ANT 201 Foundational Concepts in Anthropology (SA)
An introduction to the comparative study of human societies. The focus will be on the ways in which different communities organize their beliefs and relationships. Issues will include the role of culture in the development of our species, the relation of religion to economics, the cultural embeddedness of sexuality, and the ways in which native peoples are represented in Western thought. Lawrence Rosen
ANT 215 / EEB 315 Human Adaptation (STL)
Human adaptation focuses on human anatomy and behavior from an evolutionary perspective. Lectures and weekly laboratory sessions focus on the evolution of the human brain, dentition and skeleton to provide students with a practical understanding of the anatomy and function of the human body and its evolution, as well as some of its biological limitations. No science background is required on the part of the student. Janet Monge
ANT 224 Anthropology at The End of Life (SA)

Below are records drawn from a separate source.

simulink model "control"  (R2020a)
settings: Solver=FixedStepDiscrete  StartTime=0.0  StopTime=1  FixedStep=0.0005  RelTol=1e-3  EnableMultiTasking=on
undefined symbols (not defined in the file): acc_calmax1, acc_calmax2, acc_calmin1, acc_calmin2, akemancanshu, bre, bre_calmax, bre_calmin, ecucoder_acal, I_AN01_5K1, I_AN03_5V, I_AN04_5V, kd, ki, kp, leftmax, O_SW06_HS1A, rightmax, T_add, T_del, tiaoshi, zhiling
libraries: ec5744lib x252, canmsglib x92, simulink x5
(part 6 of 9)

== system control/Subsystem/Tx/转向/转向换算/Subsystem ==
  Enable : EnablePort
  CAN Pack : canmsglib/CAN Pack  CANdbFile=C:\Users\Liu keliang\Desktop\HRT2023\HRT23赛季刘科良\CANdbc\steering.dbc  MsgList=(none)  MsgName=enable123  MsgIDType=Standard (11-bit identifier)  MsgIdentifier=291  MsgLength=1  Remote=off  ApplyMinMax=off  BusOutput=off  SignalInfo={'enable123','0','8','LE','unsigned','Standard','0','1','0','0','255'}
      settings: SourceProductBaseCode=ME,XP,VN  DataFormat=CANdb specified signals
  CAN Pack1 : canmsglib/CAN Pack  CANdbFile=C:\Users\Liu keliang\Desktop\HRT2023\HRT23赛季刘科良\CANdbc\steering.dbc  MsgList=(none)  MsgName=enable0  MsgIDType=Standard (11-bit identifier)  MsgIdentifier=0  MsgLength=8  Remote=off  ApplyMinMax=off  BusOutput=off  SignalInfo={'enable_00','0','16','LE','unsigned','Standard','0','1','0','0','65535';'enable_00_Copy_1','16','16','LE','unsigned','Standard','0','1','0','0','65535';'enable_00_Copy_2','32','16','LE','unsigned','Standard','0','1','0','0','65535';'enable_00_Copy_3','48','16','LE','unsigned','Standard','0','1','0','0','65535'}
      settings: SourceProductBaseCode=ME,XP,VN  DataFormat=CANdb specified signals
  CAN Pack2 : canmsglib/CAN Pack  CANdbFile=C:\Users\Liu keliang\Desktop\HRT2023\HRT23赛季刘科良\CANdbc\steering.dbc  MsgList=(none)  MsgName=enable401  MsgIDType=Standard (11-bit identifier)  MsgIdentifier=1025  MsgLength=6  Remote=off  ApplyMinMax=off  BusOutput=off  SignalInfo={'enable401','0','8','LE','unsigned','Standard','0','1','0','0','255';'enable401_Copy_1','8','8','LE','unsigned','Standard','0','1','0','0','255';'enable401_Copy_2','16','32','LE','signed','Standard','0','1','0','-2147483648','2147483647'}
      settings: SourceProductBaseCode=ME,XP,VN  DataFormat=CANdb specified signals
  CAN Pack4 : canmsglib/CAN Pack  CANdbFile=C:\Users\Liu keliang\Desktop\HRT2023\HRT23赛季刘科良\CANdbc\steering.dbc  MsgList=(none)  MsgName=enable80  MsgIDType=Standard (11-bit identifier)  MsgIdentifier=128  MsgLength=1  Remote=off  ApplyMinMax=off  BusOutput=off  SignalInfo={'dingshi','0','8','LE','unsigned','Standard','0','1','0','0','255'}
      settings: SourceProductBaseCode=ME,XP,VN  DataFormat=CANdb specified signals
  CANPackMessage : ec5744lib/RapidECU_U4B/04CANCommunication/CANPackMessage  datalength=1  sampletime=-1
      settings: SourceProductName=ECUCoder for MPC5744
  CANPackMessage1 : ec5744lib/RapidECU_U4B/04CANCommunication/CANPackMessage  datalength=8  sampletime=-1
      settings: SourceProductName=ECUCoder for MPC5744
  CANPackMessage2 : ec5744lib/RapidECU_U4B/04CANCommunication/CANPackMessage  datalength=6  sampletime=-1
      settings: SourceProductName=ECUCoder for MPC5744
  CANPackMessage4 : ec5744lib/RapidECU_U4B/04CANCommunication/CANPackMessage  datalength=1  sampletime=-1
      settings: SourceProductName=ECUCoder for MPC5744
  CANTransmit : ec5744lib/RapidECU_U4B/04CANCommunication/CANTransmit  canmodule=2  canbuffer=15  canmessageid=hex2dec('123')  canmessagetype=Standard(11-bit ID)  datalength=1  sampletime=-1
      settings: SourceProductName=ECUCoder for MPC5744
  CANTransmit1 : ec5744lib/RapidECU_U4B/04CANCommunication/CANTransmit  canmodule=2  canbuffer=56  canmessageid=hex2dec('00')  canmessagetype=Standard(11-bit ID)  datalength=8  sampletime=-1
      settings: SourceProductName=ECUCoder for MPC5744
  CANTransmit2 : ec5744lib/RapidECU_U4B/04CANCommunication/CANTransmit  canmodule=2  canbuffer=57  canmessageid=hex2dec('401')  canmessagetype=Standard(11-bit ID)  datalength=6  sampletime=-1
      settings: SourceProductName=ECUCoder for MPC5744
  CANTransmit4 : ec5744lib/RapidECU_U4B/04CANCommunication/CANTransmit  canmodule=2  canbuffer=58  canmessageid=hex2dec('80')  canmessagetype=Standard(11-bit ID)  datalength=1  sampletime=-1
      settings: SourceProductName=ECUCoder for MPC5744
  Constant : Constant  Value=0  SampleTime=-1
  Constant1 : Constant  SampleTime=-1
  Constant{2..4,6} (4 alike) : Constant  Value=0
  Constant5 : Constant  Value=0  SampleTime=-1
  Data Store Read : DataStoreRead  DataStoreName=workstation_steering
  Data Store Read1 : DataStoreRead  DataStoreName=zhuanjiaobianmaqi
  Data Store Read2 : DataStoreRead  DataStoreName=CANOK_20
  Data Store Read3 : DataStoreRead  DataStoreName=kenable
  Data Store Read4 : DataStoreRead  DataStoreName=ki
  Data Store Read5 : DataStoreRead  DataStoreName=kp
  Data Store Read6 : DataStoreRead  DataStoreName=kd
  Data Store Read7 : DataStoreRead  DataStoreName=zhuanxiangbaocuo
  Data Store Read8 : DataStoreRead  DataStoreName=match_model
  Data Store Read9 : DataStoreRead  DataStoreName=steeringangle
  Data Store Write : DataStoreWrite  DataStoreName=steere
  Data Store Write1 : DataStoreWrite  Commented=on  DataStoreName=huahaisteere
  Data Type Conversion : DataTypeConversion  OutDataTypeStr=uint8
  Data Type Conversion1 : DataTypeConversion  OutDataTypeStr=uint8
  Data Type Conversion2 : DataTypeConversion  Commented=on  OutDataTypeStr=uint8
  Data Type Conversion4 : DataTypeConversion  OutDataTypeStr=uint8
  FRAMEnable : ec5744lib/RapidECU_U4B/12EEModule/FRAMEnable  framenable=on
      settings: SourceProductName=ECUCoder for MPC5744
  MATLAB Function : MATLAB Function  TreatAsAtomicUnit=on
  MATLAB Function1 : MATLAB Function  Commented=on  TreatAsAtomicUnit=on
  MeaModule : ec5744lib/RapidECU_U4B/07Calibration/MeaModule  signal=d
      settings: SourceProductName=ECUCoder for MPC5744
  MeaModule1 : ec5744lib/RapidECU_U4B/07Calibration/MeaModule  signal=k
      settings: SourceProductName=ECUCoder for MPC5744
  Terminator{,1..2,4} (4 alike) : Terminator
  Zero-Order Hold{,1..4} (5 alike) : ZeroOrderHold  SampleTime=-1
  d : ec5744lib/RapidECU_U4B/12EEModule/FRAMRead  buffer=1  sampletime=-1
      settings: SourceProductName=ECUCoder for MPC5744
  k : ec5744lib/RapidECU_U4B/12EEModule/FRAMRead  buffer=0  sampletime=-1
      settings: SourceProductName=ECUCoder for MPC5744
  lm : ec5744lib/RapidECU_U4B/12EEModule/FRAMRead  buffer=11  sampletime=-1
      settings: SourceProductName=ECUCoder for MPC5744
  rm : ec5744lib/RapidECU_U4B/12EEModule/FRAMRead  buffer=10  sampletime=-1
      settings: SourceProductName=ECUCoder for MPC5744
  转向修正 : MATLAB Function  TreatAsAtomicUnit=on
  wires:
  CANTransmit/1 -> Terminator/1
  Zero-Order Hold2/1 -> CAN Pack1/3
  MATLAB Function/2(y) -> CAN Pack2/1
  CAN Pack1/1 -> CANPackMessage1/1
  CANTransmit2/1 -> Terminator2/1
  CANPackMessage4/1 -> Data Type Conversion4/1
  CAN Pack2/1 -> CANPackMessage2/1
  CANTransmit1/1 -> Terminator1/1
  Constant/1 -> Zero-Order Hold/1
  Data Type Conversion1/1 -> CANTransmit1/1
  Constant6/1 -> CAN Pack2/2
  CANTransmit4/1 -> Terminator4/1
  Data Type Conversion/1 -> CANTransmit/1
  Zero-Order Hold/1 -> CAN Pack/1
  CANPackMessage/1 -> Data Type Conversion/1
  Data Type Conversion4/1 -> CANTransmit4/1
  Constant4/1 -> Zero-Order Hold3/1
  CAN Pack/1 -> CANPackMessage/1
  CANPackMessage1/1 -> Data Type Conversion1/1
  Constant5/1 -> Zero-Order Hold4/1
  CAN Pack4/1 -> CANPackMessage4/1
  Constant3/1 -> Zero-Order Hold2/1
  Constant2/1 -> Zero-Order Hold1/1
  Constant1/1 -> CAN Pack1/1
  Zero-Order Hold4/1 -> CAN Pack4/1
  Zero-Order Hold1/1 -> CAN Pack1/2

Death is a part of all human life and yet cultural responses to it vary radically across human populations. It's no surprise then that anthropology has developed many of its basic concepts through the analysis of death and dying, underlining both human unity and diversity. Using some key anthropological categories such as ritual, personhood, and sacrifice, the course will carry out a cross-cultural exploration of practices and institutions related to the end of life. Abou Farman
ANT 234 The Anthropology of Crime and Punishment (SA)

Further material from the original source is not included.